Extracted entries:
--------------------------------------------------
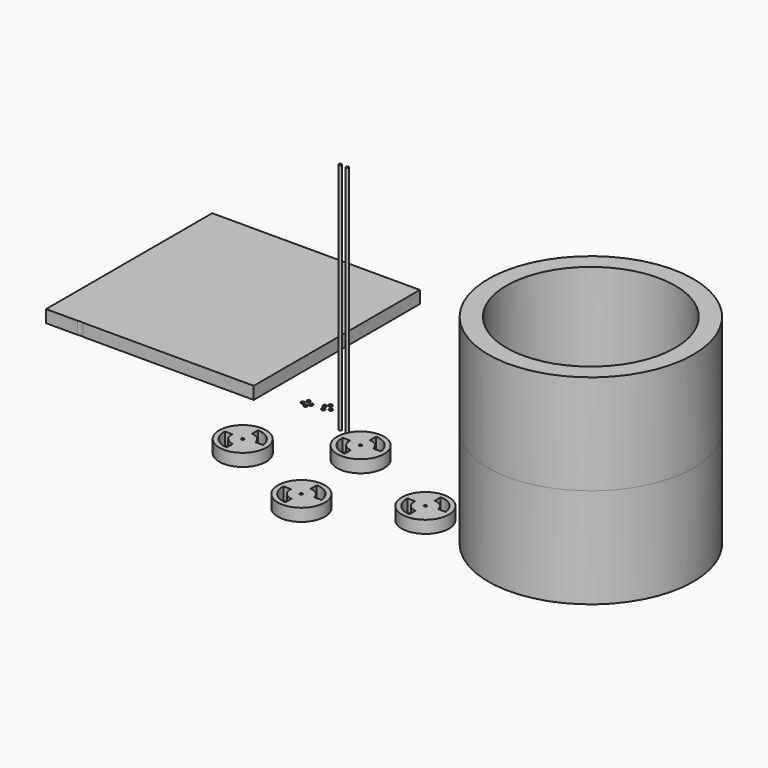
from build123d import *

# Parameters (mm, degrees)
F1_DEPTH = 6.096
F2_R     = 50.165
F2_R_2   = 41.275
F3_DEPTH = 48.895
F4_R     = 11.4975103392
F4_R_2   = 0.6991975049
F5_DEPTH = 6.096
F6_R     = 0.6858
F7_DEPTH = 114.3
F8_R     = 0.8255
F8_R_2   = 0.6985
F9_DEPTH = 0.254


# Not quite as in the source:
# - a feature names something its author has since deleted; it is built from what else it names
# - the program builds the solid bodies; features that only make, move or delete a surface that nothing else refers to are left out


with BuildPart() as f1:
    # F0 (on Top) → F1 (new body)
    with BuildSketch(Plane.XY):
        with BuildLine():
            Line((-104.046491341, 59.8414842989), (-104.046491341, -41.7585157011))
            Line((-104.046491341, -41.7585157011), (-88.5665284773, -41.7585157011))
            ThreePointArc((-88.5665284773, -41.7585157011), (-87.2272327542, -41.6239274504), (-85.8879370312, -41.7585157011))
            Line((-85.8879370312, -41.7585157011), (-2.446491341, -41.7585157011))
            Line((-2.446491341, -41.7585157011), (-2.446491341, 59.8414842989))
            Line((-2.446491341, 59.8414842989), (-104.046491341, 59.8414842989))
        make_face()
    extrude(amount=F1_DEPTH)


with BuildPart() as f3:
    # F2 (on Top) → F3 (new body, symmetric)
    with BuildSketch(Plane.XY):
        with Locations((113.8069406152, 19.1121064126)):
            Circle(F2_R)
        with Locations((113.8069406152, 19.1121064126)):
            Circle(F2_R_2, mode=Mode.SUBTRACT)
    extrude(amount=-F3_DEPTH, both=True)


with BuildPart() as f5:
    # F4 (on Top) → F5 (new body)
    with BuildSketch(Plane.XY):
        with Locations((60.2071579216, -54.7079068924)):
            Circle(F4_R)
        with BuildLine():
            ThreePointArc((54.6990466325, -54.1260507265), (55.9541472068, -58.2561101603), (59.7923801425, -60.2311130233))
            Line((59.7923801425, -60.2311130233), (59.7923801425, -63.9349583017))
            ThreePointArc((59.7923801425, -63.9349583017), (53.3331937637, -60.8771155186), (50.989134179, -54.1260507265))
            Line((50.989134179, -54.1260507265), (54.6990466325, -54.1260507265))
        make_face(mode=Mode.SUBTRACT)
        with BuildLine():
            Line((60.4740997744, -63.9404179465), (60.4740997744, -60.2402290646))
            ThreePointArc((60.4740997744, -60.2402290646), (64.312364088, -58.4261227147), (65.7388171119, -54.4275621536))
            Line((65.7388171119, -54.4275621536), (69.4392717177, -54.4275621536))
            ThreePointArc((69.4392717177, -54.4275621536), (66.9288854443, -61.0426442529), (60.4740997744, -63.9404179465))
        make_face(mode=Mode.SUBTRACT)
        with Locations((60.2071579216, -54.7079068924)):
            Circle(F4_R_2, mode=Mode.SUBTRACT)
        with BuildLine():
            ThreePointArc((51.0549450288, -53.4639143353), (53.7753044223, -48.0790473464), (59.239770012, -45.5223378328))
            Line((59.239770012, -45.5223378328), (59.239770012, -49.2542835829))
            ThreePointArc((59.239770012, -49.2542835829), (56.3917407696, -50.6928803014), (54.8099059275, -53.4639143353))
            Line((54.8099059275, -53.4639143353), (51.0549450288, -53.4639143353))
        make_face(mode=Mode.SUBTRACT)
        with BuildLine():
            Line((60.3225569605, -49.1703506054), (60.3225569605, -45.4722584918))
            ThreePointArc((60.3225569605, -45.4722584918), (66.4389794286, -47.8906553185), (69.3953691609, -53.7659448238))
            Line((69.3953691609, -53.7659448238), (65.6652302948, -53.7659448238))
            ThreePointArc((65.6652302948, -53.7659448238), (63.8190504242, -50.5088499603), (60.3225569605, -49.1703506054))
        make_face(mode=Mode.SUBTRACT)
        with BuildLine():
            ThreePointArc((65.7388171119, -54.4275621536), (64.312364088, -58.4261227147), (60.4740997744, -60.2402290646))
            Line((60.4740997744, -60.2402290646), (60.4740997744, -63.9404179465))
            ThreePointArc((60.4740997744, -63.9404179465), (66.9288854443, -61.0426442529), (69.4392717177, -54.4275621536))
            Line((69.4392717177, -54.4275621536), (65.7388171119, -54.4275621536))
        make_face()
        with BuildLine():
            Line((59.239770012, -49.2542835829), (59.239770012, -45.5223378328))
            ThreePointArc((59.239770012, -45.5223378328), (53.7753044223, -48.0790473464), (51.0549450288, -53.4639143353))
            Line((51.0549450288, -53.4639143353), (54.8099059275, -53.4639143353))
            ThreePointArc((54.8099059275, -53.4639143353), (56.3917407696, -50.6928803014), (59.239770012, -49.2542835829))
        make_face()
    extrude(amount=F5_DEPTH)


with BuildPart() as f5b:
    # F4 (on Top) → F5, piece 2 (new body)
    with BuildSketch(Plane.XY):
        with Locations((110.8582236975, -78.3851350165)):
            Circle(F4_R)
        with BuildLine():
            Line((101.6401999549, -77.8032788507), (105.3501124085, -77.8032788507))
            ThreePointArc((105.3501124085, -77.8032788507), (106.6052129827, -81.9333382844), (110.4434459184, -83.9083411474))
            Line((110.4434459184, -83.9083411474), (110.4434459184, -87.6121864259))
            ThreePointArc((110.4434459184, -87.6121864259), (103.9842595396, -84.5543436427), (101.6401999549, -77.8032788507))
        make_face(mode=Mode.SUBTRACT)
        with BuildLine():
            ThreePointArc((111.1251655504, -83.9174571887), (114.963429864, -82.1033508388), (116.3898828878, -78.1047902777))
            Line((116.3898828878, -78.1047902777), (120.0903374936, -78.1047902777))
            ThreePointArc((120.0903374936, -78.1047902777), (117.5799512202, -84.7198723771), (111.1251655504, -87.6176460706))
            Line((111.1251655504, -87.6176460706), (111.1251655504, -83.9174571887))
        make_face(mode=Mode.SUBTRACT)
        with Locations((110.8582236975, -78.3851350165)):
            Circle(F4_R_2, mode=Mode.SUBTRACT)
        with BuildLine():
            ThreePointArc((101.7060108047, -77.1411424594), (104.4263701982, -71.7562754705), (109.8908357879, -69.1995659569))
            Line((109.8908357879, -69.1995659569), (109.8908357879, -72.931511707))
            ThreePointArc((109.8908357879, -72.931511707), (107.0428065455, -74.3701084256), (105.4609717034, -77.1411424594))
            Line((105.4609717034, -77.1411424594), (101.7060108047, -77.1411424594))
        make_face(mode=Mode.SUBTRACT)
        with BuildLine():
            Line((110.9736227364, -72.8475787295), (110.9736227364, -69.149486616))
            ThreePointArc((110.9736227364, -69.149486616), (117.0900452046, -71.5678834427), (120.0464349368, -77.443172948))
            Line((120.0464349368, -77.443172948), (116.3162960707, -77.443172948))
            ThreePointArc((116.3162960707, -77.443172948), (114.4701162002, -74.1860780844), (110.9736227364, -72.8475787295))
        make_face(mode=Mode.SUBTRACT)
        with BuildLine():
            Line((120.0903374936, -78.1047902777), (116.3898828878, -78.1047902777))
            ThreePointArc((116.3898828878, -78.1047902777), (114.963429864, -82.1033508388), (111.1251655504, -83.9174571887))
            Line((111.1251655504, -83.9174571887), (111.1251655504, -87.6176460706))
            ThreePointArc((111.1251655504, -87.6176460706), (117.5799512202, -84.7198723771), (120.0903374936, -78.1047902777))
        make_face()
        with BuildLine():
            Line((109.8908357879, -72.931511707), (109.8908357879, -69.1995659569))
            ThreePointArc((109.8908357879, -69.1995659569), (104.4263701982, -71.7562754705), (101.7060108047, -77.1411424594))
            Line((101.7060108047, -77.1411424594), (105.4609717034, -77.1411424594))
            ThreePointArc((105.4609717034, -77.1411424594), (107.0428065455, -74.3701084256), (109.8908357879, -72.931511707))
        make_face()
    extrude(amount=F5_DEPTH)


with BuildPart() as f5c:
    # F4 (on Top) → F5, piece 3 (new body)
    with BuildSketch(Plane.XY):
        with Locations((21.7524592936, -78.7456388093)):
            Circle(F4_R)
        with BuildLine():
            Line((12.534435551, -78.1637826434), (16.2443480046, -78.1637826434))
            ThreePointArc((16.2443480046, -78.1637826434), (17.4994485788, -82.2938420771), (21.3376815145, -84.2688449401))
            Line((21.3376815145, -84.2688449401), (21.3376815145, -87.9726902186))
            ThreePointArc((21.3376815145, -87.9726902186), (14.8784951357, -84.9148474354), (12.534435551, -78.1637826434))
        make_face(mode=Mode.SUBTRACT)
        with Locations((21.7524592936, -78.7456388093)):
            Circle(F4_R_2, mode=Mode.SUBTRACT)
        with BuildLine():
            ThreePointArc((30.9845730897, -78.4652940705), (28.4741868163, -85.0803761698), (22.0194011464, -87.9781498634))
            Line((22.0194011464, -87.9781498634), (22.0194011464, -84.2779609815))
            ThreePointArc((22.0194011464, -84.2779609815), (25.85766546, -82.4638546316), (27.2841184839, -78.4652940705))
            Line((27.2841184839, -78.4652940705), (30.9845730897, -78.4652940705))
        make_face(mode=Mode.SUBTRACT)
        with BuildLine():
            ThreePointArc((12.6002464008, -77.5016462522), (15.3206057943, -72.1167792633), (20.785071384, -69.5600697497))
            Line((20.785071384, -69.5600697497), (20.785071384, -73.2920154997))
            ThreePointArc((20.785071384, -73.2920154997), (17.9370421416, -74.7306122183), (16.3552072995, -77.5016462522))
            Line((16.3552072995, -77.5016462522), (12.6002464008, -77.5016462522))
        make_face(mode=Mode.SUBTRACT)
        with BuildLine():
            ThreePointArc((27.2105316668, -77.8036767407), (25.3643517962, -74.5465818771), (21.8678583325, -73.2080825223))
            Line((21.8678583325, -73.2080825223), (21.8678583325, -69.5099904087))
            ThreePointArc((21.8678583325, -69.5099904087), (27.9842808006, -71.9283872354), (30.9406705329, -77.8036767407))
            Line((30.9406705329, -77.8036767407), (27.2105316668, -77.8036767407))
        make_face(mode=Mode.SUBTRACT)
        with BuildLine():
            Line((22.0194011464, -84.2779609815), (22.0194011464, -87.9781498634))
            ThreePointArc((22.0194011464, -87.9781498634), (28.4741868163, -85.0803761698), (30.9845730897, -78.4652940705))
            Line((30.9845730897, -78.4652940705), (27.2841184839, -78.4652940705))
            ThreePointArc((27.2841184839, -78.4652940705), (25.85766546, -82.4638546316), (22.0194011464, -84.2779609815))
        make_face()
        with BuildLine():
            Line((20.785071384, -73.2920154997), (20.785071384, -69.5600697497))
            ThreePointArc((20.785071384, -69.5600697497), (15.3206057943, -72.1167792633), (12.6002464008, -77.5016462522))
            Line((12.6002464008, -77.5016462522), (16.3552072995, -77.5016462522))
            ThreePointArc((16.3552072995, -77.5016462522), (17.9370421416, -74.7306122183), (20.785071384, -73.2920154997))
        make_face()
    extrude(amount=F5_DEPTH)


with BuildPart() as f5d:
    # F4 (on Top) → F5, piece 4 (new body)
    with BuildSketch(Plane.XY):
        with Locations((67.6437759012, -100.240712843)):
            Circle(F4_R)
        with BuildLine():
            ThreePointArc((62.1356646121, -99.6588566772), (63.3907651864, -103.7889161109), (67.2289981221, -105.7639189739))
            Line((67.2289981221, -105.7639189739), (67.2289981221, -109.4677642524))
            ThreePointArc((67.2289981221, -109.4677642524), (60.7698117433, -106.4099214692), (58.4257521586, -99.6588566772))
            Line((58.4257521586, -99.6588566772), (62.1356646121, -99.6588566772))
        make_face(mode=Mode.SUBTRACT)
        with BuildLine():
            ThreePointArc((58.4915630084, -98.9967202859), (61.2119224019, -93.611853297), (66.6763879916, -91.0551437834))
            Line((66.6763879916, -91.0551437834), (66.6763879916, -94.7870895335))
            ThreePointArc((66.6763879916, -94.7870895335), (63.8283587492, -96.2256862521), (62.2465239071, -98.9967202859))
            Line((62.2465239071, -98.9967202859), (58.4915630084, -98.9967202859))
        make_face(mode=Mode.SUBTRACT)
        with BuildLine():
            ThreePointArc((67.910717754, -105.7730350152), (71.7489820676, -103.9589286653), (73.1754350915, -99.9603681042))
            Line((73.1754350915, -99.9603681042), (76.8758896973, -99.9603681042))
            ThreePointArc((76.8758896973, -99.9603681042), (74.3655034239, -106.5754502036), (67.910717754, -109.4732238971))
            Line((67.910717754, -109.4732238971), (67.910717754, -105.7730350152))
        make_face(mode=Mode.SUBTRACT)
        with Locations((67.6437759012, -100.240712843)):
            Circle(F4_R_2, mode=Mode.SUBTRACT)
        with BuildLine():
            Line((76.8319871405, -99.2987507745), (73.1018482744, -99.2987507745))
            ThreePointArc((73.1018482744, -99.2987507745), (71.2556684038, -96.0416559109), (67.7591749401, -94.703156556))
            Line((67.7591749401, -94.703156556), (67.7591749401, -91.0050644425))
            ThreePointArc((67.7591749401, -91.0050644425), (73.8755974082, -93.4234612692), (76.8319871405, -99.2987507745))
        make_face(mode=Mode.SUBTRACT)
        with BuildLine():
            Line((76.8758896973, -99.9603681042), (73.1754350915, -99.9603681042))
            ThreePointArc((73.1754350915, -99.9603681042), (71.7489820676, -103.9589286653), (67.910717754, -105.7730350152))
            Line((67.910717754, -105.7730350152), (67.910717754, -109.4732238971))
            ThreePointArc((67.910717754, -109.4732238971), (74.3655034239, -106.5754502036), (76.8758896973, -99.9603681042))
        make_face()
        with BuildLine():
            Line((66.6763879916, -94.7870895335), (66.6763879916, -91.0551437834))
            ThreePointArc((66.6763879916, -91.0551437834), (61.2119224019, -93.611853297), (58.4915630084, -98.9967202859))
            Line((58.4915630084, -98.9967202859), (62.2465239071, -98.9967202859))
            ThreePointArc((62.2465239071, -98.9967202859), (63.8283587492, -96.2256862521), (66.6763879916, -94.7870895335))
        make_face()
    extrude(amount=F5_DEPTH)


with BuildPart() as f7:
    # F6 (on Top) → F7 (new body)
    with BuildSketch(Plane.XY):
        with Locations((38.8235077262, -40.3998494148)):
            Circle(F6_R)
    extrude(amount=F7_DEPTH)


with BuildPart() as f7b:
    # F6 (on Top) → F7, piece 2 (new body)
    with BuildSketch(Plane.XY):
        with Locations((42.3253141344, -40.4072664678)):
            Circle(F6_R)
    extrude(amount=F7_DEPTH)


with BuildPart() as f9:
    # F8 (on Top) → F9 (new body)
    with BuildSketch(Plane.XY):
        with Locations((14.7318905219, -29.7516137362)):
            Circle(F8_R)
        with Locations((14.7318905219, -29.7516137362)):
            Circle(F8_R_2, mode=Mode.SUBTRACT)
    extrude(amount=F9_DEPTH)


with BuildPart() as f9b:
    # F8 (on Top) → F9, piece 2 (new body)
    with BuildSketch(Plane.XY):
        with Locations((17.2707214952, -31.2811471522)):
            Circle(F8_R)
        with Locations((17.2707214952, -31.2811471522)):
            Circle(F8_R_2, mode=Mode.SUBTRACT)
    extrude(amount=F9_DEPTH)


with BuildPart() as f9c:
    # F8 (on Top) → F9, piece 3 (new body)
    with BuildSketch(Plane.XY):
        with Locations((16.0888601094, -33.1985652447)):
            Circle(F8_R)
        with Locations((16.0888601094, -33.1985652447)):
            Circle(F8_R_2, mode=Mode.SUBTRACT)
    extrude(amount=F9_DEPTH)


with BuildPart() as f9d:
    # F8 (on Top) → F9, piece 4 (new body)
    with BuildSketch(Plane.XY):
        with Locations((13.6733138934, -31.9358929992)):
            Circle(F8_R)
        with Locations((13.6733138934, -31.9358929992)):
            Circle(F8_R_2, mode=Mode.SUBTRACT)
    extrude(amount=F9_DEPTH)


with BuildPart() as f9e:
    # F8 (on Top) → F9, piece 5 (new body)
    with BuildSketch(Plane.XY):
        with Locations((22.0098569989, -28.890941292)):
            Circle(F8_R)
        with Locations((22.0098569989, -28.890941292)):
            Circle(F8_R_2, mode=Mode.SUBTRACT)
    extrude(amount=F9_DEPTH)


with BuildPart() as f9f:
    # F8 (on Top) → F9, piece 6 (new body)
    with BuildSketch(Plane.XY):
        with Locations((23.5105827451, -27.1702948958)):
            Circle(F8_R)
        with Locations((23.5105827451, -27.1702948958)):
            Circle(F8_R_2, mode=Mode.SUBTRACT)
    extrude(amount=F9_DEPTH)


with BuildPart() as f9g:
    # F8 (on Top) → F9, piece 7 (new body)
    with BuildSketch(Plane.XY):
        with Locations((23.223798722, -31.2675274909)):
            Circle(F8_R)
        with Locations((23.223798722, -31.2675274909)):
            Circle(F8_R_2, mode=Mode.SUBTRACT)
    extrude(amount=F9_DEPTH)


with BuildPart() as f9h:
    # F8 (on Top) → F9, piece 8 (new body)
    with BuildSketch(Plane.XY):
        with Locations((25.6921444088, -29.8004224896)):
            Circle(F8_R)
        with Locations((25.6921444088, -29.8004224896)):
            Circle(F8_R_2, mode=Mode.SUBTRACT)
    extrude(amount=F9_DEPTH)


solid = Compound([f1.part, f3.part, f5.part, f5b.part, f5c.part, f5d.part, f7.part, f7b.part, f9.part, f9b.part, f9c.part, f9d.part, f9e.part, f9f.part, f9g.part, f9h.part])
--------------------------------------------------
Exercise: Using only the listing above, restate exactly the lines from the line containing "# F2 (on Top) → F3 (new body, symmetric)" through the line containing "-60.8771155186), (50.989134179, -54.1260507265))", both included.

Answer to the exercise:
    # F2 (on Top) → F3 (new body, symmetric)
    with BuildSketch(Plane.XY):
        with Locations((113.8069406152, 19.1121064126)):
            Circle(F2_R)
        with Locations((113.8069406152, 19.1121064126)):
            Circle(F2_R_2, mode=Mode.SUBTRACT)
    extrude(amount=-F3_DEPTH, both=True)


with BuildPart() as f5:
    # F4 (on Top) → F5 (new body)
    with BuildSketch(Plane.XY):
        with Locations((60.2071579216, -54.7079068924)):
            Circle(F4_R)
        with BuildLine():
            ThreePointArc((54.6990466325, -54.1260507265), (55.9541472068, -58.2561101603), (59.7923801425, -60.2311130233))
            Line((59.7923801425, -60.2311130233), (59.7923801425, -63.9349583017))
            ThreePointArc((59.7923801425, -63.9349583017), (53.3331937637, -60.8771155186), (50.989134179, -54.1260507265))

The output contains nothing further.